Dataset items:
○ ○ ○

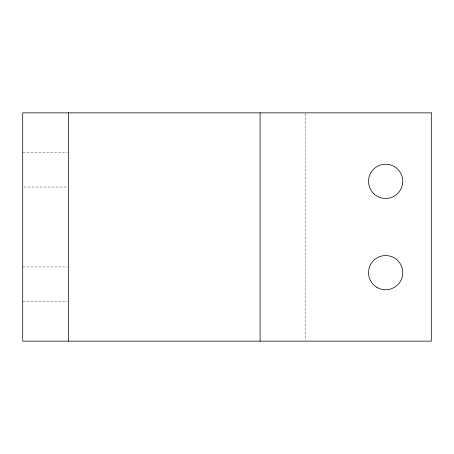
<?xml version="1.0" encoding="UTF-8"?>
<svg xmlns="http://www.w3.org/2000/svg" width="454" height="454" viewBox="0 0 454 454"><rect width="100%" height="100%" fill="white"/><g stroke="black" fill="none" stroke-linecap="round" stroke-linejoin="round"><path stroke-width="0.34" stroke-dasharray="2.27 1.7" d="M22.7 152.811L67.652 152.811M24.107 187.054L67.652 187.054M22.7 266.946L67.652 266.946M22.7 301.189L67.652 301.189M305.752 113.574L305.752 340.426"/><path stroke-width="0.68" d="M260.097 112.864L260.097 341.136M68.355 112.864L68.355 341.136M431.3 112.864L22.7 112.864L22.7 341.136L431.3 341.136L431.3 112.864M377.087 287.478A17.121 17.121 0 0 0 402.766 272.655A17.121 17.121 0 0 0 377.087 257.827A17.121 17.121 0 0 0 377.087 287.478M373.54 193.449A17.121 17.121 0 0 0 402.182 185.777A17.121 17.121 0 0 0 381.218 164.808A17.121 17.121 0 0 0 373.54 193.449"/></g></svg>
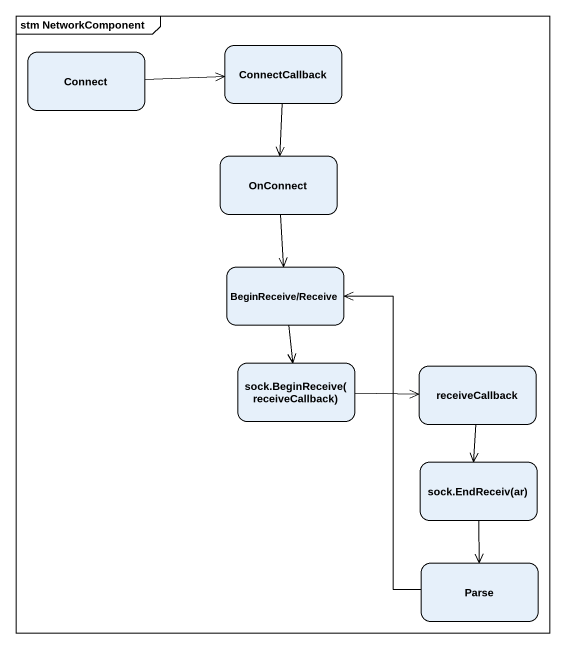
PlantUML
@startuml
mainframe stm NetworkComponent
hide empty description
state ConnectCallback
state Connect
state OnConnect
state "BeginReceive/Receive" as BeginReceive_Receive
state "sock.BeginReceive(receiveCallback)" as sock_BeginReceive
state receiveCallback
state "sock.EndReceiv(ar)" as sock_EndReceiv_ar
state Parse
ConnectCallback --> OnConnect
Connect -right-> ConnectCallback
OnConnect --> BeginReceive_Receive
BeginReceive_Receive --> sock_BeginReceive
sock_BeginReceive -right-> receiveCallback
receiveCallback --> sock_EndReceiv_ar
sock_EndReceiv_ar --> Parse
Parse -up-> BeginReceive_Receive
@enduml

○ ○ ○

• _EXERCISE BRIEF_
Restating the data word for word is the task, and pictures are to be omitted.

• _SOLUTION FOR THIS TASK_
<?xml version="1.0" encoding="UTF-8"?>
<svg xmlns="http://www.w3.org/2000/svg" width="454" height="454" viewBox="0 0 454 454"><rect width="100%" height="100%" fill="white"/><g stroke="black" fill="none" stroke-linecap="round" stroke-linejoin="round"><path stroke-width="0.34" stroke-dasharray="2.27 1.7" d="M22.7 152.811L67.652 152.811M24.107 187.054L67.652 187.054M22.7 266.946L67.652 266.946M22.7 301.189L67.652 301.189M305.752 113.574L305.752 340.426"/><path stroke-width="0.68" d="M260.097 112.864L260.097 341.136M68.355 112.864L68.355 341.136M431.3 112.864L22.7 112.864L22.7 341.136L431.3 341.136L431.3 112.864M377.087 287.478A17.121 17.121 0 0 0 402.766 272.655A17.121 17.121 0 0 0 377.087 257.827A17.121 17.121 0 0 0 377.087 287.478M373.54 193.449A17.121 17.121 0 0 0 402.182 185.777A17.121 17.121 0 0 0 381.218 164.808A17.121 17.121 0 0 0 373.54 193.449"/></g></svg>
PlantUML
@startuml
mainframe stm NetworkComponent
hide empty description
state ConnectCallback
state Connect
state OnConnect
state "BeginReceive/Receive" as BeginReceive_Receive
state "sock.BeginReceive(receiveCallback)" as sock_BeginReceive
state receiveCallback
state "sock.EndReceiv(ar)" as sock_EndReceiv_ar
state Parse
ConnectCallback --> OnConnect
Connect -right-> ConnectCallback
OnConnect --> BeginReceive_Receive
BeginReceive_Receive --> sock_BeginReceive
sock_BeginReceive -right-> receiveCallback
receiveCallback --> sock_EndReceiv_ar
sock_EndReceiv_ar --> Parse
Parse -up-> BeginReceive_Receive
@enduml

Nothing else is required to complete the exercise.